Cool thanks, I'll keep an eye on this thread. I thought I looked thoroughly enough but came to bite me in the ass. That's what I get for looking on my phone (dead PS on my laptop). If there is a solid method to a LHD fitment I'll pick it up and I'll post the install

Much appreciated.


----------



## blkjettavr6 (Nov 7, 2001)

I have it.
It fits but its tight and you need to cut down the silicone.


----------



## Atomic Ed (Mar 19, 2009)

blkjettavr6 said:


> I have it.
> It fits but its tight and you need to cut down the silicone.


Same here.


----------



## warranty225cpe (Dec 3, 2008)

Considering my forge tip makes contact with my brake line comin into the master, I would like to see one of these installed on a LHD. (pics please).


----------



## [email protected] (Jul 1, 2009)

I think there's a line drawn between wide-band and the more prevalent narrow-band vehicles. I couldn't fit the Badger5 TIP in my '04. But 42DD has them in each of their narrow-band shop cars. So they're a strong option for the majority of lhd TT225s out there.


----------



## blkjettavr6 (Nov 7, 2001)

[email protected] said:


> I think there's a line drawn between wide-band and the more prevalent narrow-band vehicles. I couldn't fit the Badger5 TIP in my '04. But 42DD has them in each of their narrow-band shop cars. So they're a strong option for the majority of lhd TT225s out there.


Mine is 03 factory wide band. 
Fits fine with OEM manifold. 


Sent from my iPhone using Tapatalk


----------



## Volksdude27 (Nov 25, 2005)

Will be able to tell you fitment issues on a lhd 2001 225 in a few weeks.

as for another solution there's the SFS 3" inlet available as well : http://www.awesome-gti.co.uk/product.php?xProd=43504&xSec=9953

I prefer the Badger5 one by a lot and I don't really mind making it fit (plus I'll probably be able to use the 3" inlet available for my eliminator thus eliminating the billet adapter) but it may be easier to fit this one on a lhd and it is cheaper.


----------



## 2T2T5 (Dec 19, 2011)

How did you guys go about buying one?
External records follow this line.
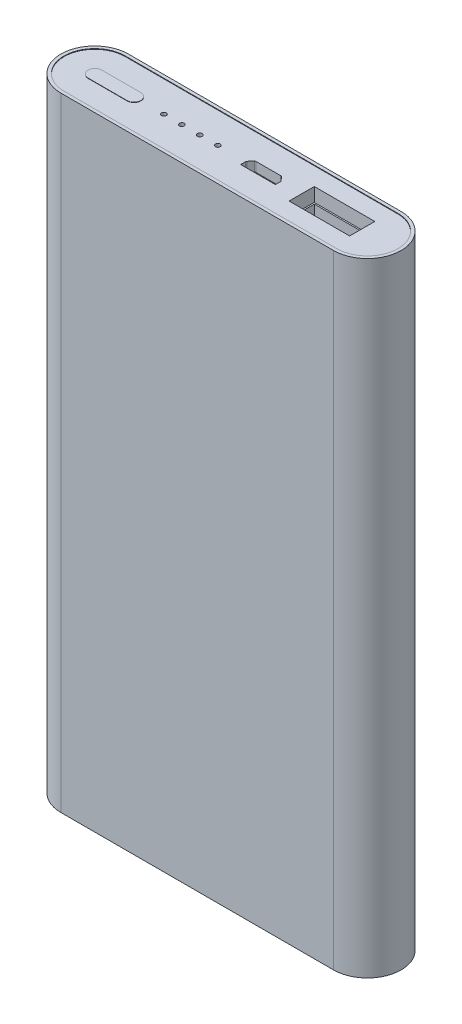
from build123d import *

# Parameters (mm, degrees)
BOSS_EXTRUDE1_DEPTH = 65
BOSS_EXTRUDE2_DEPTH = 129.75
SKETCH5_W           = 1.39
SKETCH5_H           = 3.378
CUT_EXTRUDE1_DEPTH  = 0.25
SKETCH8_R           = 0.5
CUT_EXTRUDE2_DEPTH  = 2
BOSS_EXTRUDE3_DEPTH = 0.0625
SKETCH11_W          = 12.625
SKETCH11_H          = 5.25
CUT_EXTRUDE4_DEPTH  = 11.75
SKETCH12_W          = 12.625
SKETCH12_H          = 5.25
SKETCH12_W_2        = 12.025
SKETCH12_H_2        = 4.65
BOSS_EXTRUDE4_DEPTH = 8.875
SKETCH13_W          = 11.525
SKETCH13_H          = 1.56
BOSS_EXTRUDE5_DEPTH = 8.875
CUT_EXTRUDE5_DEPTH  = 10
SKETCH17_W          = 5.5
SKETCH17_H          = 0.125
BOSS_EXTRUDE6_DEPTH = 8.1
BOSS_EXTRUDE7_START = 8
BOSS_EXTRUDE7_DEPTH = 8


with BuildPart() as part:
    # Sketch1 → Boss-Extrude1 (new, symmetric)
    with BuildSketch(Plane(origin=(0, 0, 0), x_dir=(1, 0, 0), z_dir=(0, 1, 0))):
        with BuildLine():
            Line((-28.45, 7.05), (28.45, 7.05))
            ThreePointArc((28.45, 7.05), (35.5, 0), (28.45, -7.05))
            Line((28.45, -7.05), (-28.45, -7.05))
            ThreePointArc((-28.45, -7.05), (-35.5, 0), (-28.45, 7.05))
        make_face()
        with BuildLine():
            Line((-28.45, 6.38), (28.45, 6.38))
            ThreePointArc((28.45, 6.38), (34.83, 0), (28.45, -6.38))
            Line((28.45, -6.38), (-28.45, -6.38))
            ThreePointArc((-28.45, -6.38), (-34.83, 0), (-28.45, 6.38))
        make_face(mode=Mode.SUBTRACT)
    extrude(amount=BOSS_EXTRUDE1_DEPTH, both=True)

    # Sketch2 → Boss-Extrude2 (add)
    with BuildSketch(Plane(origin=(0, 64.875, 0), x_dir=(1, 0, 0), z_dir=(0, 1, 0))):
        with BuildLine():
            Line((-28.45, -6.38), (28.45, -6.38))
            ThreePointArc((28.45, -6.38), (34.83, 0), (28.45, 6.38))
            Line((28.45, 6.38), (-28.45, 6.38))
            ThreePointArc((-28.45, 6.38), (-34.83, 0), (-28.45, -6.38))
        make_face()
    extrude(amount=-BOSS_EXTRUDE2_DEPTH)

    # Sketch5 → Cut-Extrude1 (cut)
    with BuildSketch(Plane(origin=(0, 0, -7.05), x_dir=(-1, 0, 0), z_dir=(0, 0, -1))):
        Polygon((3.047959184, -38.5), (4.369798182, -38.5), (4.369798182, -33), (3.039285714, -33), align=None)
        with BuildLine():
            Line((-4.125, -33), (-4.125, -38.5))
            Line((-4.125, -38.5), (-2.775, -38.5))
            Line((-2.775, -38.5), (-2.775, -34.15))
            Line((-2.775, -34.15), (-0.025, -34.15))
            ThreePointArc((-0.025, -34.15), (0.481245093, -34.446327571), (0.675, -35))
            Line((0.675, -35), (0.675, -38.5))
            Line((0.675, -38.5), (1.975, -38.5))
            Line((1.975, -38.5), (1.975, -34.330645161))
            add(Edge.make_bspline(
                [(1.975, -34.330645161), (1.946635107, -34.301634388), (1.95702187, -34.248224197), (1.948979592, -34.215322581), (1.924253679, -34.114166856), (1.916519719, -34.042472973), (1.870918367, -33.949193548), (1.843725239, -33.893568896), (1.820050271, -33.836269814), (1.792857143, -33.780645161), (1.758600377, -33.710571549), (1.699108422, -33.633824398), (1.645408163, -33.576612903), (1.280199443, -33.187524707), (1.016815103, -33.047701351), (0.457142857, -33)],
                knots=[0, 0, 0, 0, 1, 1, 1, 2, 2, 2, 3, 3, 3, 4, 4, 4, 5, 5, 5, 5], degree=3))
            Line((0.457142857, -33), (-4.125, -33))
        make_face()
        with Locations((-1.06, -36.811)):
            Rectangle(SKETCH5_W, SKETCH5_H)
    extrude(amount=-CUT_EXTRUDE1_DEPTH, mode=Mode.SUBTRACT)

    # Sketch8 → Cut-Extrude2 (cut)
    with BuildSketch(Plane(origin=(0, 64.875, 0), x_dir=(1, 0, 0), z_dir=(0, 1, 0))):
        with Locations(Location((-14, 0, 0), (0, 0, 270))):
            Circle(SKETCH8_R)
        with Locations(Location((-10.25, 0, 0), (0, 0, 270))):
            Circle(SKETCH8_R)
        with Locations(Location((-6.5, 0, 0), (0, 0, 270))):
            Circle(SKETCH8_R)
        with Locations(Location((-2.75, 0, 0), (0, 0, 270))):
            Circle(SKETCH8_R)
    extrude(amount=-CUT_EXTRUDE2_DEPTH, mode=Mode.SUBTRACT)

    # Sketch9 → Boss-Extrude3 (add)
    with BuildSketch(Plane(origin=(0, 64.875, 0), x_dir=(1, 0, 0), z_dir=(0, 1, 0))):
        with BuildLine():
            Line((-28.375, 1.4375), (-20.25, 1.4375))
            ThreePointArc((-20.25, 1.4375), (-18.8125, 0), (-20.25, -1.4375))
            Line((-20.25, -1.4375), (-28.375, -1.4375))
            ThreePointArc((-28.375, -1.4375), (-29.8125, 0), (-28.375, 1.4375))
        make_face()
    extrude(amount=BOSS_EXTRUDE3_DEPTH)

    # Sketch11 → Cut-Extrude4 (cut)
    with BuildSketch(Plane(origin=(0, 64.875, 0), x_dir=(1, 0, 0), z_dir=(0, 1, 0))):
        with Locations((21.0625, 0)):
            Rectangle(SKETCH11_W, SKETCH11_H)
    extrude(amount=-CUT_EXTRUDE4_DEPTH, mode=Mode.SUBTRACT)

    # Sketch12 → Boss-Extrude4 (add)
    with BuildSketch(Plane(origin=(0, 53.125, 0), x_dir=(1, 0, 0), z_dir=(0, 1, 0))):
        with Locations((21.0625, 0)):
            Rectangle(SKETCH12_W, SKETCH12_H)
        with Locations((21.0625, 0)):
            Rectangle(SKETCH12_W_2, SKETCH12_H_2, mode=Mode.SUBTRACT)
    extrude(amount=BOSS_EXTRUDE4_DEPTH)

    # Sketch13 → Boss-Extrude5 (add)
    with BuildSketch(Plane(origin=(0, 53.125, 0), x_dir=(1, 0, 0), z_dir=(0, 1, 0))):
        with Locations((21.0625, -1.17)):
            Rectangle(SKETCH13_W, SKETCH13_H)
    extrude(amount=BOSS_EXTRUDE5_DEPTH)

    # Sketch16 → Cut-Extrude5 (cut)
    with BuildSketch(Plane(origin=(0, 64.875, 0), x_dir=(1, 0, 0), z_dir=(0, 1, 0))):
        with BuildLine():
            Line((4.111130468, 1.08), (9.338869532, 1.08))
            ThreePointArc((9.338869532, 1.08), (9.462834417, 1.053189874), (9.56464254, 0.977551382))
            Line((9.56464254, 0.977551382), (10.275773008, 0.164830848))
            ThreePointArc((10.275773008, 0.164830848), (10.330830823, 0.072797467), (10.35, -0.032720535))
            Line((10.35, -0.032720535), (10.35, -1.08))
            Line((10.35, -1.08), (3.1, -1.08))
            Line((3.1, -1.08), (3.1, -0.032720535))
            ThreePointArc((3.1, -0.032720535), (3.119169177, 0.072797467), (3.174226992, 0.164830848))
            Line((3.174226992, 0.164830848), (3.88535746, 0.977551382))
            ThreePointArc((3.88535746, 0.977551382), (3.987165583, 1.053189874), (4.111130468, 1.08))
        make_face()
    extrude(amount=-CUT_EXTRUDE5_DEPTH, mode=Mode.SUBTRACT)

    # Sketch17 → Boss-Extrude6 (add)
    with BuildSketch(Plane(origin=(0, 54.875, 0), x_dir=(1, 0, 0), z_dir=(0, 1, 0))):
        with Locations((6.725, -0.7675)):
            Rectangle(SKETCH17_W, SKETCH17_H)
    extrude(amount=BOSS_EXTRUDE6_DEPTH)

    # Sketch18 → Boss-Extrude7 (add)
    with BuildSketch(Plane(origin=(0, 54.875, 0), x_dir=(1, 0, 0), z_dir=(0, 1, 0)).offset(BOSS_EXTRUDE7_START)):
        with BuildLine():
            Line((3.1, -1.08), (10.35, -1.08))
            Line((10.35, -1.08), (10.35, -0.032720535))
            ThreePointArc((10.35, -0.032720535), (10.330830823, 0.072797467), (10.275773008, 0.164830848))
            Line((10.275773008, 0.164830848), (9.56464254, 0.977551382))
            ThreePointArc((9.56464254, 0.977551382), (9.462834417, 1.053189874), (9.338869532, 1.08))
            Line((9.338869532, 1.08), (4.111130468, 1.08))
            ThreePointArc((4.111130468, 1.08), (3.987165583, 1.053189874), (3.88535746, 0.977551382))
            Line((3.88535746, 0.977551382), (3.174226992, 0.164830848))
            ThreePointArc((3.174226992, 0.164830848), (3.119169177, 0.072797467), (3.1, -0.032720535))
            Line((3.1, -0.032720535), (3.1, -1.08))
        make_face()
        with BuildLine():
            Line((3.225, -0.032720535), (3.225, -0.955))
            Line((3.225, -0.955), (10.225, -0.955))
            Line((10.225, -0.955), (10.225, -0.032720535))
            ThreePointArc((10.225, -0.032720535), (10.21381798, 0.028831633), (10.181700922, 0.082517772))
            Line((10.181700922, 0.082517772), (9.470570454, 0.895238306))
            ThreePointArc((9.470570454, 0.895238306), (9.411182381, 0.93936076), (9.338869532, 0.955))
            Line((9.338869532, 0.955), (4.111130468, 0.955))
            ThreePointArc((4.111130468, 0.955), (4.038817619, 0.93936076), (3.979429546, 0.895238306))
            Line((3.979429546, 0.895238306), (3.268299078, 0.082517772))
            ThreePointArc((3.268299078, 0.082517772), (3.23618202, 0.028831633), (3.225, -0.032720535))
        make_face(mode=Mode.SUBTRACT)
    extrude(amount=-BOSS_EXTRUDE7_DEPTH)


solid = part.part
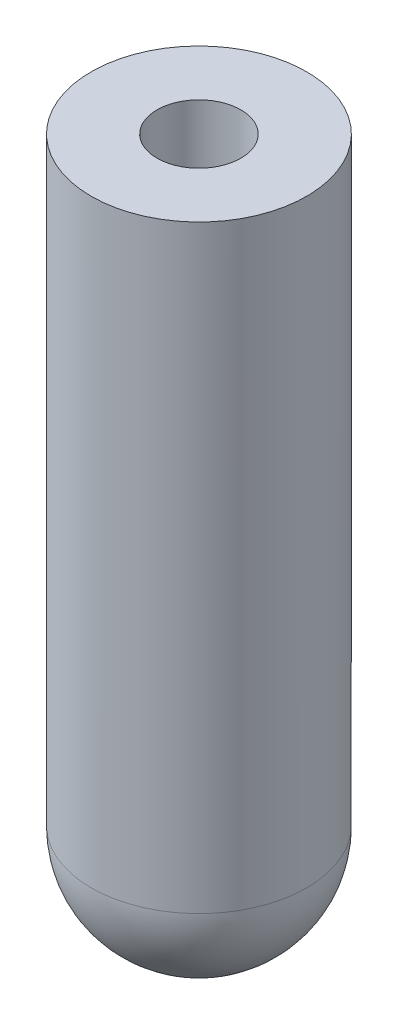
from build123d import *

# Parameters (mm, degrees)
SKETCH1_R           = 9
SKETCH1_R_2         = 3.5
BOSS_EXTRUDE1_DEPTH = 50
REVOLVE1_ANGLE      = 180


with BuildPart() as part:
    # Sketch1 → Boss-Extrude1 (new body)
    with BuildSketch(Plane(origin=(0, 0, 0), x_dir=(1, 0, 0), z_dir=(0, 1, 0))):
        with Locations(Location((0, 0, 0), (0, 0, 270))):
            Circle(SKETCH1_R)
        with Locations(Location((0, 0, 0), (0, 0, 270))):
            Circle(SKETCH1_R_2, mode=Mode.SUBTRACT)
    extrude(amount=-BOSS_EXTRUDE1_DEPTH)

    # Sketch2 → Revolve1 (revolve)
    with BuildSketch(Plane(origin=(0, -50, 0), x_dir=(-1, 0, 0), z_dir=(0, -1, 0))):
        with BuildLine():
            Line((0, -9), (0, 9))
            ThreePointArc((0, 9), (-9, 0), (0, -9))
        make_face()
    revolve(axis=Axis((0, -50, 9), (0, 0, -1)), revolution_arc=REVOLVE1_ANGLE)


solid = part.part
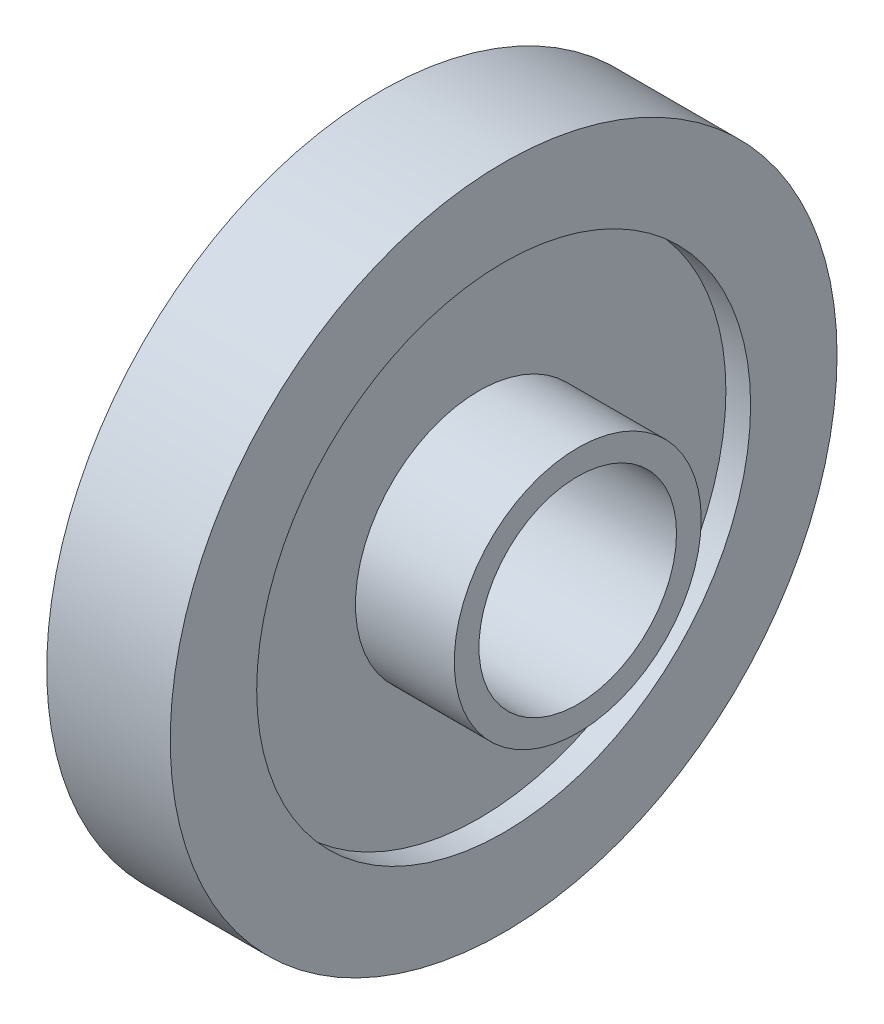
from build123d import *

# Parameters (mm, degrees)
CROQUIS1_R              = 13.5
SALIENTE_EXTRUIR1_DEPTH = 5
CROQUIS2_R              = 10
CORTAR_EXTRUIR1_DEPTH   = 1
CORTAR_EXTRUIR2_START   = -1
CROQUIS3_R              = 10
CORTAR_EXTRUIR2_DEPTH   = 1
CROQUIS4_R              = 5
SALIENTE_EXTRUIR2_DEPTH = 4
CROQUIS5_R              = 4
CORTAR_EXTRUIR4_DEPTH   = 21.700241544


with BuildPart() as part:
    # Croquis1 → Saliente-Extruir1 (new body)
    with BuildSketch(Plane(origin=(0, 0, 0), x_dir=(0, 0, -1), z_dir=(1, 0, 0))):
        Circle(CROQUIS1_R)
    extrude(amount=SALIENTE_EXTRUIR1_DEPTH)

    # Croquis2 → Cortar-Extruir1 (cut)
    with BuildSketch(Plane(origin=(5, 0, 0), x_dir=(0, 0, -1), z_dir=(1, 0, 0))):
        Circle(CROQUIS2_R)
    extrude(amount=-CORTAR_EXTRUIR1_DEPTH, mode=Mode.SUBTRACT)

    # Croquis3 → Cortar-Extruir2 (cut)
    with BuildSketch(Plane.ZY.offset(CORTAR_EXTRUIR2_START)):
        with Locations(Location((0, 0, 0), (0, 0, 180))):
            Circle(CROQUIS3_R)
    extrude(amount=CORTAR_EXTRUIR2_DEPTH, mode=Mode.SUBTRACT)

    # Croquis4 → Saliente-Extruir2 (add)
    with BuildSketch(Plane(origin=(4, 0, 0), x_dir=(0, 0, -1), z_dir=(1, 0, 0))):
        Circle(CROQUIS4_R)
    extrude(amount=SALIENTE_EXTRUIR2_DEPTH)

    # Croquis5 → Cortar-Extruir4 (cut, through all)
    with BuildSketch(Plane(origin=(8, 0, 0), x_dir=(0, 0, -1), z_dir=(1, 0, 0))):
        Circle(CROQUIS5_R)
    extrude(amount=-CORTAR_EXTRUIR4_DEPTH, mode=Mode.SUBTRACT)


solid = part.part

Did you buy it from Awesome or directly from Badger? I was wondering if it was going to cost a crazy amount to have it shipped from the UK? I havent dealt with international shipping before. I know having to pay against the british pound makes it a bit more than a APR TIP. Do you think it was worth the premium and install over a APR TIP? I'm probably going to keep my car under 19 psi.

Thanks for the responses


----------



## Volksdude27 (Nov 25, 2005)

2T2T5 said:


> How did you guys go about buying one? Did you buy it from Awesome or directly from Badger? I was wondering if it was going to cost a crazy amount to have it shipped from the UK? I havent dealt with international shipping before. I know having to pay against the british pound makes it a bit more than a APR TIP. Do you think it was worth the premium and install over a APR TIP? I'm probably going to keep my car under 19 psi.
> 
> Thanks for the responses


I bought directly from Bill but I'll be one of the test fitting guinea pig, like most of the people that are using it on this side of the pond.

You could buy the other one for your application, but if you plan on running only 19 psi (so i assume a stage 1 tune) I guess that a regular TIP would be more than enough (I'll have a black Samco one for sale in a few if you would be interested)


----------



## warranty225cpe (Dec 3, 2008)

2T2T5 said:


> How did you guys go about buying one? Did you buy it from Awesome or directly from Badger? I was wondering if it was going to cost a crazy amount to have it shipped from the UK? I havent dealt with international shipping before. I know having to pay against the british pound makes it a bit more than a APR TIP. Do you think it was worth the premium and install over a APR TIP? I'm probably going to keep my car under 19 psi.
> 
> Thanks for the responses


Regardless how much boost your running, more flow from the Badger5 would/should be noticeable.


----------



## Volksdude27 (Nov 25, 2005)

warranty225cpe said:


> Regardless how much boost your running, more flow from the Badger5 would/should be noticeable.


Agree but I doubt it's worth the price if he really wants to keep the turbo at 19 psi (considering that the added flow would be barely noticeable since the turbo is not pushed within limits)


----------



## 2T2T5 (Dec 19, 2011)

Kind of a crazy idea. If the K04-20 has a 2.5in inlet (if I found the correct measurement). I could make my own 3in TIP by using two 90 silicone bends, 3in aluminum tubing, and a 2.5 to 3in adapter. The big issue is fabin up all the connections. Plus it could easily look getto. I priced out what would need and it would probably be under $110 and a ton of work.

Depending on if I decided to rebuild the motor I would probably run the K04 higher pressures but then I would probably do a hybrid or throw on a GT2371 or something so its more efficient. But that's down the road if I decide to keep the car for awhile.

Thanks again guys


----------



## [email protected] (Jul 1, 2009)

It's probably easier for me to just sell you the one I couldn't fit to my car. If black's ok, drop me an email. NOT a PM please!

dh

[email protected]


----------



## Volksdude27 (Nov 25, 2005)

[email protected] said:


> It's probably easier for me to just sell you the one I couldn't fit to my car. If black's ok, drop me an email. NOT a PM please!
> 
> dh
> 
> [email protected]


Why weren't you able to make it fit Doug? (Asking cuz I'm eliminator ...)


----------